- Directed by: Jacqui Culliton
- Presented by: Noel Ferrier
- Country of origin: Australia
- Original language: English
- No. of series: 1
- No. of episodes: 13

Production
- Executive producers: Lloyd Capps Jacqui Culliton
- Running time: 30 minutes

Original release
- Network: ABC TV
- Release: 5 October – 18 December 1978

= Micro Macro =

Australian game show

Micro Macro is a 1978 Australian television panel game show broadcast on the Australian Broadcasting Corporation. It was based on the European show of the same name. Hosted by Noel Ferrier it featured two teams of two competing to identify images flashed on a screen. Teams were led by Carol Raye and Jimmy Hannan and featured celebrity guests. First shown on Thursdays at 8pm it shifted to Mondays at 6pm due to poor ratings.

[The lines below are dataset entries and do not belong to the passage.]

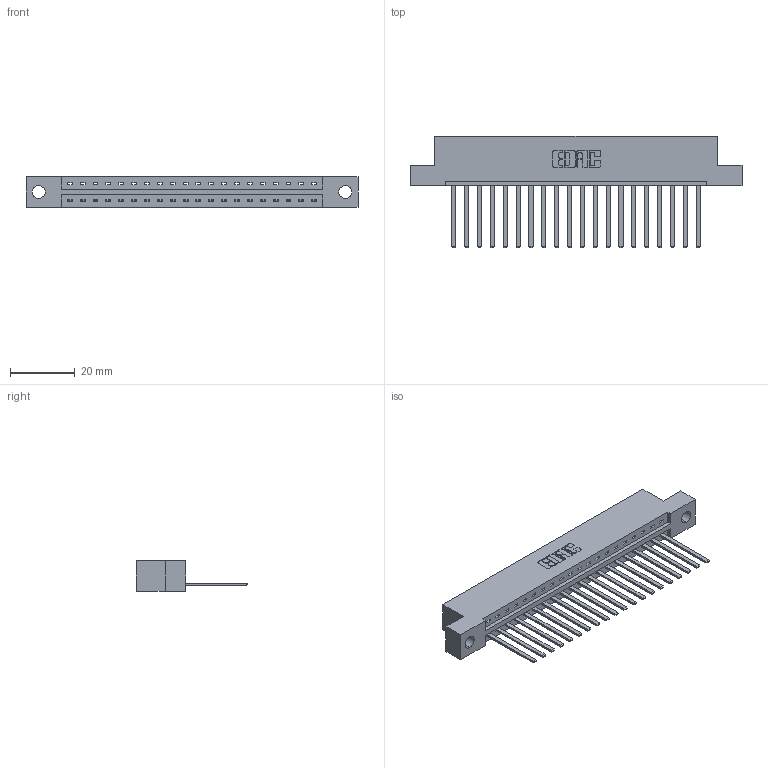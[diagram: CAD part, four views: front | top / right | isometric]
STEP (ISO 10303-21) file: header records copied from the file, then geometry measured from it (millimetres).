
FILE_DESCRIPTION (( 'STEP AP203' ), '1' );
FILE_NAME ('337-020-544-104.STEP', '2019-09-28T23:26:25', ( '' ), ( '' ), 'SwSTEP 2.0', 'SolidWorks 2016', '' );
FILE_SCHEMA (( 'CONFIG_CONTROL_DESIGN' ));
Length unit declared in the file: inch
Products named in the file (3): 345-292-001_345-293-144; 337 Part_Flush Mounting Lugs - 0.156 Dia-TH; 337-020-544-104
Assembly tree (21 placements, depth 2):
  337-020-544-104
    337 Part_Flush Mounting Lugs - 0.156 Dia-TH
    345-292-001_345-293-144  x20
Bounding box: 102.26 x 34.3 x 9.4 mm (x, y, z)
Volume: 10496.7 mm3; surface area: 11281.9 mm2
Topology: 21 solids, 21 shells, 1234 faces, 3711 edges, 2446 vertices
Faces by surface type: plane 910, cylinder 324
Entity records: 17531 total; most frequent: CARTESIAN_POINT 3058, ORIENTED_EDGE 3014, DIRECTION 2615, EDGE_CURVE 1507, VECTOR 1383, LINE 1383, VERTEX_POINT 1002, AXIS2_PLACEMENT_3D 616

In the Age John Teerds said of the first episode "Although Ferrier claims to be "the worst
compere in Australia", it is expected his control of the show will improve with practice. There are some faults which could be overcome with practice and with tighter direction." The Sun-Herald's Dale Plummer said "If you have a spare half-hour for a spot of minor brain exercise, Micro Macro could be fun, but the game is slow and the scoring obscure."

The Age's Dennis Pryor noted "The admirable Noel Ferrier rightly treats the whole thing as an absurd joke. giving his imitation of a rogue elephant waving his trunk at the sheer idiocy of the whole thing." He says that three weeks in "The regular panellists are beginning to settle down and give the show some shape."